Against the caring state
Having long concerned itself with the happiness and wellbeing of the public, the political class now seems to have moved on to loneliness. Loneliness is undoubtedly a real, debilitating and isolating experience, and something that many people go through at some point in their lives. Questions should be asked, however, about why it is now being promoted as a major social issue, and whether the policy solutions that are likely to be advocated will bring positive changes to people’s lives.
More and more attention has been paid to this issue over recent months. At the end of last year, a report produced by the British Red Cross and the Co-op claimed that almost a fifth of people in the UK are lonely ‘always or often’. This has now led to the establishment of a Commission on Loneliness. Initially planned by the murdered MP Jo Cox, it was launched last month in her honour by MPs Rachel Reeves and Seema Kennedy, who describe loneliness as a ‘silent epidemic’.

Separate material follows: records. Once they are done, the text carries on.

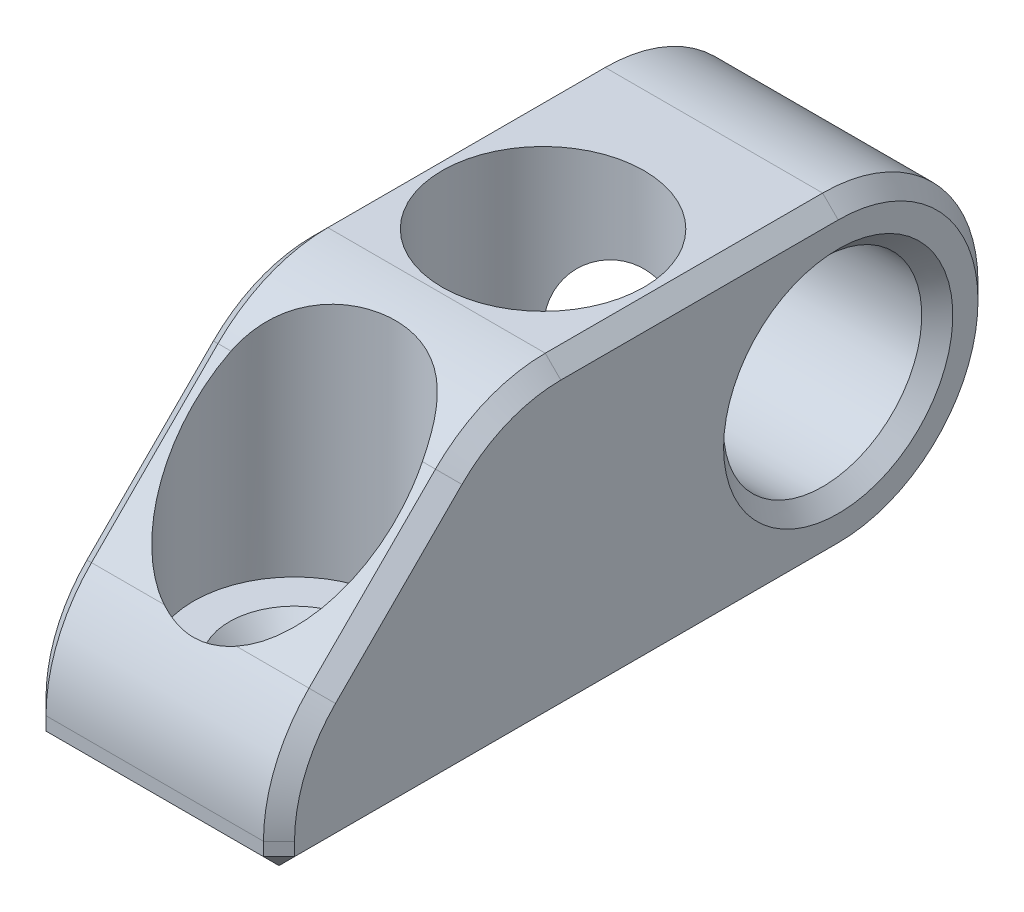
SolidWorks part; units mm, degrees
ref_plane "Front Plane" through (0, 0, 0) normal (0, 0, 1) x (1, 0, 0)
ref_plane "Top Plane" through (0, 0, 0) normal (0, 1, 0) x (1, 0, 0)
ref_plane "Right Plane" through (0, 0, 0) normal (1, 0, 0) x (0, 0, -1)
sketch "Sketch1" plane through (0, 0, 0) normal (0, 1, 0) x (1, 0, 0)
  line L0 (0, 0) -> (0, 1.27) construction
  line L1 (-5.08, -14.605) -> (5.08, -14.605)
  line L2 (-5.08, -14.605) -> (-5.08, 14.605)
  line L3 (-5.08, 14.605) -> (5.08, 14.605)
  line L4 (5.08, -14.605) -> (5.08, 14.605)
  line L5 (-5.08, -14.605) -> (5.08, 14.605) construction
  line L6 (-5.08, 14.605) -> (5.08, -14.605) construction
  line L7 (0, 0) -> (0, -8.89) construction
  circle A0 centre (0, 1.27) radius 2.032
  circle A1 centre (0, -8.89) radius 2.032
  circle A2 centre (0, 1.27) radius 4.1275
  circle A3 centre (0, -8.89) radius 4.1275
  point P0 (0, 0)
  dimension "D3" = 4.064
  dimension "D6" = 8.255
  dimension "D1" = 29.21
  dimension "D2" = 10.16
  dimension "D4" = 8.89
  dimension "D5" = 1.27
extrude "Boss-Extrude1" add sketch "Sketch1" along normal blind 12.7 contours L1 L4 L3 L2 A1 A0 | A1 | A0 | A2 A0 | A3 A1 region at (-4.7707, 0, 0) region at (0, 0, -1.27) region at (0, 0, 8.89) region at (-4.0108, 0, -1.27) region at (-4.0108, 0, 8.89)
sketch "Sketch2" plane through (-5.08, 0, 0) normal (-1, 0, 0) x (0, 0, 1)
  line L0 (-8.255, 0) -> (-8.255, 6.35) construction
  line L1 (14.605, 0) -> (-14.605, 0) construction
  circle A0 centre (-8.255, 6.35) radius 4.05
  dimension "D1" = 8.1
  dimension "D2" = 6.35
  dimension "D3" = 22.86
extrude "Cut-Extrude1" cut sketch "Sketch2" against normal through all contours A0
extrude "Cut-Extrude2" cut sketch "Sketch1<3>" along normal through all contours A0 | A1 region at (0, 0, -1.27) region at (0, 0, 8.89)
sketch "Sketch1<3>" plane through (0, 0, 0) normal (0, 1, 0) x (1, 0, 0) same geometry as "Sketch1"
extrude "Cut-Extrude3" cut sketch "Sketch1<4>" against normal blind 10.16 from surface contours A3 A1 | A2 A0 region at (-4.0108, 0, -1.27) region at (-4.0108, 0, 8.89) starting at face at (0, 12.7, 0.762)
sketch "Sketch1<4>" plane through (0, 0, 0) normal (0, 1, 0) x (1, 0, 0) same geometry as "Sketch1"
chamfer "Chamfer1" distance 8.89 angle 45 1 edges at (0, 12.7, 14.605)
fillet "Fillet1" radius 6.35 3 edges at (0, 3.81, 14.605) (-3.8587, 12.7, 5.715) (3.8587, 12.7, 5.715)
chamfer "Chamfer2" distance 0.635 angle 45 2 edges at (-5.08, 6.35, -4.205) (5.08, 6.35, -4.205)
fillet "Fillet2" radius 6.35 2 edges at (0, 0, -14.605) (0, 12.7, -14.605)
chamfer "Chamfer3" distance 0.635 angle 45 2 edges at (0, 0, 10.922) (0, 0, 0.762)
chamfer "Chamfer4" distance 0.635 angle 45 17 edges at (5.08, 0.5899, 14.605) (-5.08, 0.5899, 14.605) (5.08, 3.6098, 14.1216) (-5.08, 3.6098, 14.1216) (5.08, 8.255, 10.16) (-5.08, 8.255, 10.16) (5.08, 12.2166, 5.5148) (-5.08, 12.2166, 5.5148) (5.08, 12.7, -2.5851) (-5.08, 12.7, -2.5851) (0, 0, 14.605) (-5.08, 0, 3.175) (5.08, 0, 3.175) (-5.08, 10.8401, -12.7451) (5.08, 10.8401, -12.7451) (-5.08, 1.8599, -12.7451) (5.08, 1.8599, -12.7451)
chamfer "Chamfer5" distance 0.635 angle 45 2 edges at (0, 2.54, 0.762) (0, 2.54, 10.922)

It used to be the case that those who considered themselves progressives believed that the best way to help individuals lead fulfilling, rewarding and enjoyable lives was to change fundamentally the economy and society. But the left seems to have given up on this ambitious project. It is now diminished, and disconnected from the people it once sought to liberate. In place of a broader mission, so-called progressives have become obsessed with the technocratic micromanagement of people’s daily lives, an agenda which is often hostile to the interests of ordinary people.
Campaigns on issues such as loneliness are helpful for politicians, in this context. They give them an opportunity to reconnect with people, to present themselves not as distant bureaucratic meddlers, but as ‘carers’. It gives them a new sense of purpose. They may not have a substantial plan to deal with the decline of traditional industries and social institutions – which enabled people in the past to self-organise and support one another – but at least, in the words of the badges the new commission’s supporters were handing out on the Tube recently, they are ‘happy to chat’.
What’s more, in an era where reductions to welfare have been broadly supported by the public, emphasising mental-health and wellbeing issues is a way in which welfarists try to fight back. Proposals to cut state spending are resisted through the argument that there are new, damaging health or social issues that need to be combated. All kinds of state institutions and services can be rehabilitated on the basis that they will help end social isolation and boost people’s wellbeing. A claimed ‘epidemic’ of loneliness is used to demand more welfare services, not less. In this respect, the debate over state resources is depoliticised – framed as a battle between the caring and the callous.
All of this will almost certainly inform the final recommendations of the commission when it reports in a year’s time. No doubt it will call for increased welfare services and moralistic campaigns to make people talk more to each other, in line with David Cameron’s much-derided Big Society. Loneliness is a complex issue that is difficult to address. Rather than trying to find new ways for the state to help us manage our emotions, progressives would be better served working out how best to allow people the space to be free, independent and therefore more capable of supporting both themselves and those around them.
Steve Bremner is a teacher and writer in north London.